Réponses, pour une anthropologie réflexive
de Pierre Bourdieu

critiqué par Elya, le 22 mars 2014
(Savoie - 34 ans)


La note:  étoiles
Quelques réponses sur la sociologie comme science selon Bourdieu
Dans l’édition écrite de ses cours Sur l’Etat au Collège de France, Bourdieu renvoie à ce livre édité en 1997 ceux qui aimeraient connaître les réponses qu’il donne aux principales critiques dont il est l’objet, en tant que sociologue et non d’homme, bien sûr. Dans cet ouvrage, il réponse à des questions de Loïc J.D. Wacquant, qui rapporte les interrogations d’étudiants américains en sociologie dans les années 80, de la célèbre Ecole de Chicago. C’est une façon intéressante de parcourir l’œuvre de Bourdieu, et les critiques auxquelles il est sujet, la principale accusation à son égard étant souvent celle du déterminisme de sa conception de la société, dont il se défend.

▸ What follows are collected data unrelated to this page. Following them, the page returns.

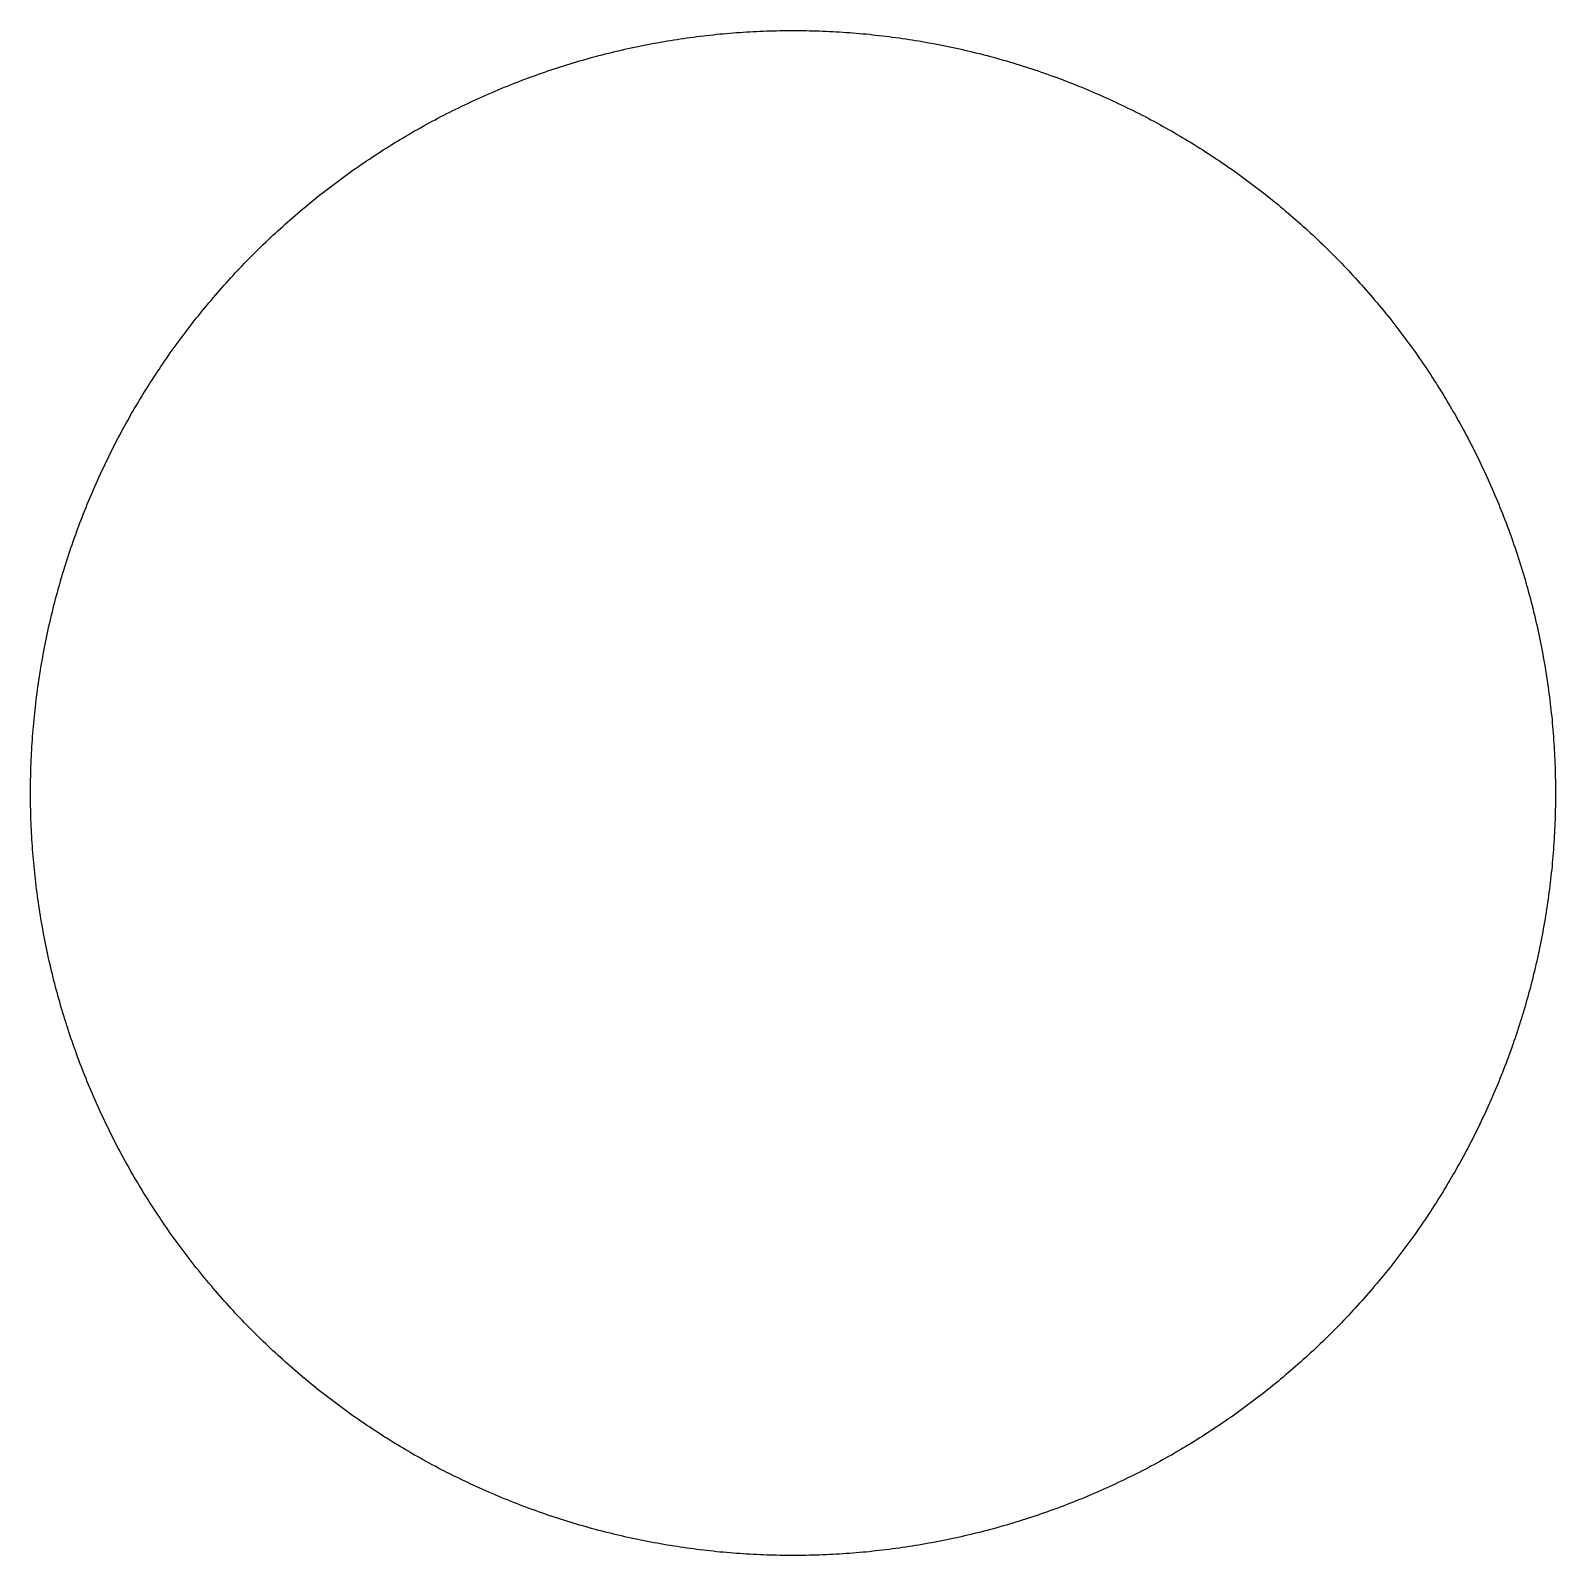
# Model space of a CAD drawing. Header units: millimetres. Extents: x -200 to 200, y -200 to 200.
# Drawn here: x -24.143 to -20.863, y -1.64 to 1.64 of the extents above; entities that cross this region are included whole.
import ezdxf

# ---------------------------------------------------------------- set-up
doc = ezdxf.new("R2010")
doc.units = ezdxf.units.MM
doc.layers.add('DOTS_BLUE', color=5, linetype='Continuous')

msp = doc.modelspace()

# ---------------------------------------------------------------- linework, layer by layer
at = {"layer": 'DOTS_BLUE'}
msp.add_lwpolyline([(-20.8634, -0.0143), (-20.8635, -0.0215), (-20.8636, -0.0286), (-20.8638, -0.0358), (-20.8639, -0.0429), (-20.8641, -0.0501), (-20.8644, -0.0572), (-20.8646, -0.0644), (-20.8649, -0.0715), (-20.8653, -0.0787), (-20.8656, -0.0858), (-20.866, -0.093), (-20.8664, -0.1001), (-20.8669, -0.1072), (-20.8674, -0.1144), (-20.8679, -0.1215), (-20.8684, -0.1287), (-20.869, -0.1358), (-20.8696, -0.1429), (-20.8703, -0.15), (-20.8709, -0.1572), (-20.8716, -0.1643), (-20.8724, -0.1714), (-20.8731, -0.1785), (-20.8739, -0.1856), (-20.8748, -0.1927), (-20.8756, -0.1998), (-20.8765, -0.2069), (-20.8774, -0.214), (-20.8784, -0.2211), (-20.8793, -0.2282), (-20.8804, -0.2353), (-20.8814, -0.2424), (-20.8825, -0.2495), (-20.8836, -0.2565), (-20.8847, -0.2636), (-20.8859, -0.2706), (-20.8871, -0.2777), (-20.8883, -0.2847), (-20.8896, -0.2918), (-20.8908, -0.2988), (-20.8922, -0.3059), (-20.8935, -0.3129), (-20.8949, -0.3199), (-20.8963, -0.3269), (-20.8977, -0.3339), (-20.8992, -0.3409), (-20.9007, -0.3479), (-20.9023, -0.3549), (-20.9038, -0.3619), (-20.9054, -0.3689), (-20.907, -0.3758), (-20.9087, -0.3828), (-20.9104, -0.3898), (-20.9121, -0.3967), (-20.9138, -0.4036), (-20.9156, -0.4106), (-20.9174, -0.4175), (-20.9193, -0.4244), (-20.9211, -0.4313), (-20.923, -0.4382), (-20.9249, -0.4451), (-20.9269, -0.452), (-20.9289, -0.4589), (-20.9309, -0.4657), (-20.933, -0.4726), (-20.935, -0.4794), (-20.9371, -0.4863), (-20.9393, -0.4931), (-20.9414, -0.4999), (-20.9436, -0.5067), (-20.9459, -0.5135), (-20.9481, -0.5203), (-20.9504, -0.5271), (-20.9527, -0.5339), (-20.9551, -0.5406), (-20.9574, -0.5474), (-20.9598, -0.5541), (-20.9623, -0.5608), (-20.9647, -0.5676), (-20.9672, -0.5743), (-20.9697, -0.581), (-20.9723, -0.5877), (-20.9749, -0.5943), (-20.9775, -0.601), (-20.9801, -0.6076), (-20.9828, -0.6143), (-20.9855, -0.6209), (-20.9882, -0.6275), (-20.991, -0.6341), (-20.9937, -0.6407), (-20.9966, -0.6473), (-20.9994, -0.6539), (-21.0023, -0.6604), (-21.0052, -0.667), (-21.0081, -0.6735), (-21.011, -0.68), (-21.014, -0.6865), (-21.017, -0.693), (-21.0201, -0.6995), (-21.0231, -0.706), (-21.0262, -0.7124), (-21.0293, -0.7188), (-21.0325, -0.7253), (-21.0357, -0.7317), (-21.0389, -0.7381), (-21.0421, -0.7445), (-21.0454, -0.7508), (-21.0487, -0.7572), (-21.052, -0.7635), (-21.0553, -0.7698), (-21.0587, -0.7762), (-21.0621, -0.7824), (-21.0655, -0.7887), (-21.069, -0.795), (-21.0725, -0.8012), (-21.076, -0.8075), (-21.0795, -0.8137), (-21.0831, -0.8199), (-21.0867, -0.8261), (-21.0903, -0.8323), (-21.0939, -0.8384), (-21.0976, -0.8446), (-21.1013, -0.8507), (-21.105, -0.8568), (-21.1088, -0.8629), (-21.1126, -0.869), (-21.1164, -0.875), (-21.1202, -0.8811), (-21.124, -0.8871), (-21.1279, -0.8931), (-21.1318, -0.8991), (-21.1358, -0.9051), (-21.1397, -0.911), (-21.1437, -0.917), (-21.1477, -0.9229), (-21.1518, -0.9288), (-21.1558, -0.9347), (-21.1599, -0.9406), (-21.1641, -0.9464), (-21.1682, -0.9522), (-21.1724, -0.9581), (-21.1766, -0.9639), (-21.1808, -0.9696), (-21.185, -0.9754), (-21.1893, -0.9811), (-21.1936, -0.9869), (-21.1979, -0.9926), (-21.2022, -0.9982), (-21.2066, -1.0039), (-21.211, -1.0096), (-21.2154, -1.0152), (-21.2199, -1.0208), (-21.2243, -1.0264), (-21.2288, -1.032), (-21.2333, -1.0375), (-21.2379, -1.043), (-21.2424, -1.0486), (-21.247, -1.054), (-21.2516, -1.0595), (-21.2563, -1.065), (-21.2609, -1.0704), (-21.2656, -1.0758), (-21.2703, -1.0812), (-21.275, -1.0866), (-21.2798, -1.0919), (-21.2846, -1.0972), (-21.2894, -1.1025), (-21.2942, -1.1078), (-21.299, -1.1131), (-21.3039, -1.1183), (-21.3088, -1.1236), (-21.3137, -1.1288), (-21.3187, -1.1339), (-21.3236, -1.1391), (-21.3286, -1.1442), (-21.3336, -1.1494), (-21.3386, -1.1544), (-21.3437, -1.1595), (-21.3487, -1.1646), (-21.3538, -1.1696), (-21.3589, -1.1746), (-21.3641, -1.1796), (-21.3692, -1.1845), (-21.3744, -1.1895), (-21.3796, -1.1944), (-21.3848, -1.1993), (-21.3901, -1.2041), (-21.3954, -1.209), (-21.4006, -1.2138), (-21.4059, -1.2186), (-21.4113, -1.2234), (-21.4166, -1.2281), (-21.422, -1.2329), (-21.4274, -1.2376), (-21.4328, -1.2423), (-21.4382, -1.2469), (-21.4437, -1.2516), (-21.4491, -1.2562), (-21.4546, -1.2607), (-21.4601, -1.2653), (-21.4657, -1.2699), (-21.4712, -1.2744), (-21.4768, -1.2789), (-21.4824, -1.2833), (-21.488, -1.2878), (-21.4936, -1.2922), (-21.4993, -1.2966), (-21.5049, -1.3009), (-21.5106, -1.3053), (-21.5163, -1.3096), (-21.5221, -1.3139), (-21.5278, -1.3182), (-21.5336, -1.3224), (-21.5393, -1.3266), (-21.5451, -1.3308), (-21.5509, -1.335), (-21.5568, -1.3391), (-21.5626, -1.3432), (-21.5685, -1.3473), (-21.5744, -1.3514), (-21.5803, -1.3554), (-21.5862, -1.3595), (-21.5922, -1.3634), (-21.5981, -1.3674), (-21.6041, -1.3713), (-21.6101, -1.3753), (-21.6161, -1.3791), (-21.6221, -1.383), (-21.6282, -1.3868), (-21.6342, -1.3906), (-21.6403, -1.3944), (-21.6464, -1.3982), (-21.6525, -1.4019), (-21.6586, -1.4056), (-21.6648, -1.4093), (-21.6709, -1.4129), (-21.6771, -1.4165), (-21.6833, -1.4201), (-21.6895, -1.4237), (-21.6957, -1.4272), (-21.7019, -1.4307), (-21.7082, -1.4342), (-21.7145, -1.4377), (-21.7207, -1.4411), (-21.727, -1.4445), (-21.7333, -1.4479), (-21.7397, -1.4512), (-21.746, -1.4545), (-21.7524, -1.4578), (-21.7587, -1.4611), (-21.7651, -1.4643), (-21.7715, -1.4675), (-21.7779, -1.4707), (-21.7843, -1.4738), (-21.7908, -1.477), (-21.7972, -1.4801), (-21.8037, -1.4831), (-21.8102, -1.4862), (-21.8167, -1.4892), (-21.8232, -1.4922), (-21.8297, -1.4951), (-21.8362, -1.498), (-21.8428, -1.5009), (-21.8493, -1.5038), (-21.8559, -1.5066), (-21.8625, -1.5094), (-21.8691, -1.5122), (-21.8757, -1.515), (-21.8823, -1.5177), (-21.8889, -1.5204), (-21.8955, -1.5231), (-21.9022, -1.5257), (-21.9089, -1.5283), (-21.9155, -1.5309), (-21.9222, -1.5334), (-21.9289, -1.536), (-21.9356, -1.5384), (-21.9423, -1.5409), (-21.9491, -1.5433), (-21.9558, -1.5457), (-21.9626, -1.5481), (-21.9693, -1.5505), (-21.9761, -1.5528), (-21.9829, -1.5551), (-21.9897, -1.5573), (-21.9965, -1.5595), (-22.0033, -1.5617), (-22.0101, -1.5639), (-22.0169, -1.566), (-22.0238, -1.5682), (-22.0306, -1.5702), (-22.0375, -1.5723), (-22.0443, -1.5743), (-22.0512, -1.5763), (-22.0581, -1.5782), (-22.065, -1.5802), (-22.0719, -1.5821), (-22.0788, -1.5839), (-22.0857, -1.5858), (-22.0926, -1.5876), (-22.0995, -1.5893), (-22.1065, -1.5911), (-22.1134, -1.5928), (-22.1204, -1.5945), (-22.1273, -1.5962), (-22.1343, -1.5978), (-22.1413, -1.5994), (-22.1483, -1.6009), (-22.1553, -1.6025), (-22.1623, -1.604), (-22.1693, -1.6054), (-22.1763, -1.6069), (-22.1833, -1.6083), (-22.1903, -1.6097), (-22.1973, -1.611), (-22.2044, -1.6123), (-22.2114, -1.6136), (-22.2184, -1.6149), (-22.2255, -1.6161), (-22.2325, -1.6173), (-22.2396, -1.6185), (-22.2467, -1.6196), (-22.2537, -1.6207), (-22.2608, -1.6218), (-22.2679, -1.6228), (-22.275, -1.6238), (-22.2821, -1.6248), (-22.2891, -1.6258), (-22.2962, -1.6267), (-22.3033, -1.6276), (-22.3104, -1.6284), (-22.3176, -1.6293), (-22.3247, -1.6301), (-22.3318, -1.6308), (-22.3389, -1.6316), (-22.346, -1.6323), (-22.3531, -1.6329), (-22.3603, -1.6336), (-22.3674, -1.6342), (-22.3745, -1.6347), (-22.3817, -1.6353), (-22.3888, -1.6358), (-22.3959, -1.6363), (-22.4031, -1.6367), (-22.4102, -1.6372), (-22.4174, -1.6376), (-22.4245, -1.6379), (-22.4317, -1.6382), (-22.4388, -1.6385), (-22.446, -1.6388), (-22.4531, -1.639), (-22.4603, -1.6392), (-22.4674, -1.6394), (-22.4746, -1.6396), (-22.4817, -1.6397), (-22.4889, -1.6397), (-22.496, -1.6398), (-22.5032, -1.6398), (-22.5103, -1.6398), (-22.5175, -1.6397), (-22.5247, -1.6397), (-22.5318, -1.6396), (-22.539, -1.6394), (-22.5461, -1.6392), (-22.5533, -1.639), (-22.5604, -1.6388), (-22.5676, -1.6385), (-22.5747, -1.6382), (-22.5819, -1.6379), (-22.589, -1.6376), (-22.5962, -1.6372), (-22.6033, -1.6367), (-22.6104, -1.6363), (-22.6176, -1.6358), (-22.6247, -1.6353), (-22.6318, -1.6347), (-22.639, -1.6342), (-22.6461, -1.6336), (-22.6532, -1.6329), (-22.6604, -1.6323), (-22.6675, -1.6316), (-22.6746, -1.6308), (-22.6817, -1.6301), (-22.6888, -1.6293), (-22.6959, -1.6284), (-22.703, -1.6276), (-22.7101, -1.6267), (-22.7172, -1.6258), (-22.7243, -1.6248), (-22.7314, -1.6238), (-22.7385, -1.6228), (-22.7456, -1.6218), (-22.7526, -1.6207), (-22.7597, -1.6196), (-22.7668, -1.6185), (-22.7738, -1.6173), (-22.7809, -1.6161), (-22.7879, -1.6149), (-22.795, -1.6136), (-22.802, -1.6123), (-22.809, -1.611), (-22.8161, -1.6097), (-22.8231, -1.6083), (-22.8301, -1.6069), (-22.8371, -1.6054), (-22.8441, -1.604), (-22.8511, -1.6025), (-22.8581, -1.6009), (-22.8651, -1.5994), (-22.8721, -1.5978), (-22.879, -1.5962), (-22.886, -1.5945), (-22.8929, -1.5928), (-22.8999, -1.5911), (-22.9068, -1.5893), (-22.9138, -1.5876), (-22.9207, -1.5858), (-22.9276, -1.5839), (-22.9345, -1.5821), (-22.9414, -1.5802), (-22.9483, -1.5782), (-22.9552, -1.5763), (-22.9621, -1.5743), (-22.9689, -1.5723), (-22.9758, -1.5702), (-22.9826, -1.5682), (-22.9895, -1.566), (-22.9963, -1.5639), (-23.0031, -1.5617), (-23.0099, -1.5595), (-23.0167, -1.5573), (-23.0235, -1.5551), (-23.0303, -1.5528), (-23.0371, -1.5505), (-23.0438, -1.5481), (-23.0506, -1.5457), (-23.0573, -1.5433), (-23.064, -1.5409), (-23.0708, -1.5384), (-23.0775, -1.536), (-23.0842, -1.5334), (-23.0908, -1.5309), (-23.0975, -1.5283), (-23.1042, -1.5257), (-23.1108, -1.5231), (-23.1175, -1.5204), (-23.1241, -1.5177), (-23.1307, -1.515), (-23.1373, -1.5122), (-23.1439, -1.5094), (-23.1505, -1.5066), (-23.1571, -1.5038), (-23.1636, -1.5009), (-23.1702, -1.498), (-23.1767, -1.4951), (-23.1832, -1.4922), (-23.1897, -1.4892), (-23.1962, -1.4862), (-23.2027, -1.4831), (-23.2091, -1.4801), (-23.2156, -1.477), (-23.222, -1.4738), (-23.2285, -1.4707), (-23.2349, -1.4675), (-23.2413, -1.4643), (-23.2476, -1.4611), (-23.254, -1.4578), (-23.2604, -1.4545), (-23.2667, -1.4512), (-23.273, -1.4479), (-23.2793, -1.4445), (-23.2856, -1.4411), (-23.2919, -1.4377), (-23.2982, -1.4342), (-23.3044, -1.4307), (-23.3107, -1.4272), (-23.3169, -1.4237), (-23.3231, -1.4201), (-23.3293, -1.4165), (-23.3355, -1.4129), (-23.3416, -1.4093), (-23.3477, -1.4056), (-23.3539, -1.4019), (-23.36, -1.3982), (-23.3661, -1.3944), (-23.3722, -1.3906), (-23.3782, -1.3868), (-23.3843, -1.383), (-23.3903, -1.3791), (-23.3963, -1.3753), (-23.4023, -1.3713), (-23.4083, -1.3674), (-23.4142, -1.3634), (-23.4202, -1.3595), (-23.4261, -1.3554), (-23.432, -1.3514), (-23.4379, -1.3473), (-23.4437, -1.3432), (-23.4496, -1.3391), (-23.4554, -1.335), (-23.4612, -1.3308), (-23.467, -1.3266), (-23.4728, -1.3224), (-23.4786, -1.3182), (-23.4843, -1.3139), (-23.49, -1.3096), (-23.4958, -1.3053), (-23.5014, -1.3009), (-23.5071, -1.2966), (-23.5128, -1.2922), (-23.5184, -1.2878), (-23.524, -1.2833), (-23.5296, -1.2789), (-23.5351, -1.2744), (-23.5407, -1.2699), (-23.5462, -1.2653), (-23.5517, -1.2607), (-23.5572, -1.2562), (-23.5627, -1.2516), (-23.5682, -1.2469), (-23.5736, -1.2423), (-23.579, -1.2376), (-23.5844, -1.2329), (-23.5898, -1.2281), (-23.5951, -1.2234), (-23.6004, -1.2186), (-23.6057, -1.2138), (-23.611, -1.209), (-23.6163, -1.2041), (-23.6215, -1.1993), (-23.6268, -1.1944), (-23.632, -1.1895), (-23.6371, -1.1845), (-23.6423, -1.1796), (-23.6474, -1.1746), (-23.6525, -1.1696), (-23.6576, -1.1646), (-23.6627, -1.1595), (-23.6678, -1.1544), (-23.6728, -1.1494), (-23.6778, -1.1442), (-23.6828, -1.1391), (-23.6877, -1.1339), (-23.6927, -1.1288), (-23.6976, -1.1236), (-23.7025, -1.1183), (-23.7073, -1.1131), (-23.7122, -1.1078), (-23.717, -1.1025), (-23.7218, -1.0972), (-23.7266, -1.0919), (-23.7313, -1.0866), (-23.7361, -1.0812), (-23.7408, -1.0758), (-23.7454, -1.0704), (-23.7501, -1.065), (-23.7547, -1.0595), (-23.7593, -1.054), (-23.7639, -1.0486), (-23.7685, -1.043), (-23.773, -1.0375), (-23.7776, -1.032), (-23.782, -1.0264), (-23.7865, -1.0208), (-23.791, -1.0152), (-23.7954, -1.0096), (-23.7998, -1.0039), (-23.8041, -0.9982), (-23.8085, -0.9926), (-23.8128, -0.9869), (-23.8171, -0.9811), (-23.8214, -0.9754), (-23.8256, -0.9696), (-23.8298, -0.9639), (-23.834, -0.9581), (-23.8382, -0.9522), (-23.8423, -0.9464), (-23.8464, -0.9406), (-23.8505, -0.9347), (-23.8546, -0.9288), (-23.8586, -0.9229), (-23.8626, -0.917), (-23.8666, -0.911), (-23.8706, -0.9051), (-23.8745, -0.8991), (-23.8784, -0.8931), (-23.8823, -0.8871), (-23.8862, -0.8811), (-23.89, -0.875), (-23.8938, -0.869), (-23.8976, -0.8629), (-23.9013, -0.8568), (-23.9051, -0.8507), (-23.9088, -0.8446), (-23.9124, -0.8384), (-23.9161, -0.8323), (-23.9197, -0.8261), (-23.9233, -0.8199), (-23.9269, -0.8137), (-23.9304, -0.8075), (-23.9339, -0.8012), (-23.9374, -0.795), (-23.9408, -0.7887), (-23.9443, -0.7824), (-23.9477, -0.7762), (-23.951, -0.7698), (-23.9544, -0.7635), (-23.9577, -0.7572), (-23.961, -0.7508), (-23.9643, -0.7445), (-23.9675, -0.7381), (-23.9707, -0.7317), (-23.9739, -0.7253), (-23.977, -0.7188), (-23.9802, -0.7124), (-23.9832, -0.706), (-23.9863, -0.6995), (-23.9894, -0.693), (-23.9924, -0.6865), (-23.9953, -0.68), (-23.9983, -0.6735), (-24.0012, -0.667), (-24.0041, -0.6604), (-24.007, -0.6539), (-24.0098, -0.6473), (-24.0126, -0.6407), (-24.0154, -0.6341), (-24.0182, -0.6275), (-24.0209, -0.6209), (-24.0236, -0.6143), (-24.0263, -0.6076), (-24.0289, -0.601), (-24.0315, -0.5943), (-24.0341, -0.5877), (-24.0366, -0.581), (-24.0391, -0.5743), (-24.0416, -0.5676), (-24.0441, -0.5608), (-24.0465, -0.5541), (-24.0489, -0.5474), (-24.0513, -0.5406), (-24.0537, -0.5339), (-24.056, -0.5271), (-24.0583, -0.5203), (-24.0605, -0.5135), (-24.0627, -0.5067), (-24.0649, -0.4999), (-24.0671, -0.4931), (-24.0692, -0.4863), (-24.0713, -0.4794), (-24.0734, -0.4726), (-24.0755, -0.4657), (-24.0775, -0.4589), (-24.0795, -0.452), (-24.0814, -0.4451), (-24.0834, -0.4382), (-24.0852, -0.4313), (-24.0871, -0.4244), (-24.089, -0.4175), (-24.0908, -0.4106), (-24.0925, -0.4036), (-24.0943, -0.3967), (-24.096, -0.3898), (-24.0977, -0.3828), (-24.0993, -0.3758), (-24.101, -0.3689), (-24.1026, -0.3619), (-24.1041, -0.3549), (-24.1057, -0.3479), (-24.1072, -0.3409), (-24.1086, -0.3339), (-24.1101, -0.3269), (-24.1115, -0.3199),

Ce que j’ai particulièrement apprécié dans ce livre, c’est la façon dont Bourdieu parle de la sociologie en tant que science. Il expose son positionnement épistémologique, chose que j’ai peu trouvé dans ses autres ouvrages. Il soutient par exemple que les sciences sociales sont soumises aux règles qui valent pour les autres sciences : « il s’agit de produire des systèmes explicatifs cohérents, des hypothèses ou des propositions organisés en modèles parcimonieux capables de rendre compte d’un vaste nombre de faits observables empiriquement et susceptibles d’être réfutés par des modèles plus puissants » (p159). Il revient aussi sur l’opposition entre l’individualisme méthodologique et l’holisme ou structuralisme qui sous-tend l’histoire de la sociologie et dont on trouve aujourd’hui encore des représentants, en précisant que selon lui la sociologie n’a pas à choisir entre ces deux écoles, ce qui fait la réalité sociale étant l’habitus. Lorsque Loïc Wacquant évoque l’existence d’une « théorie bourdieusienne » d'applicabilité très générale, Bourdieu s’en défend en disant que « ces outils son visibles seulement dans les résultats qu’ils produisent et ils ne sont pas construits comme tel » (p135).

La deuxième partie du livre est issue de l’introduction à un séminaire de l’Ecole des hautes études en sciences sociales réalisé par Bourdieu. Il est intéressant d’y lire un Bourdieu plus pédagogue, qui expose quelques-unes de ses astuces de chercheur en sociologie, comme l’utilisation d’un « tableau carré des traits pertinents d’un ensemble d’agents et d’institution » (p201).

Ceux qui sont déjà familiarisés à quelques travaux de Bourdieu pourront peut-être trouver, dans cet ouvrage, des réponses aux questions que suscitent leurs lectures.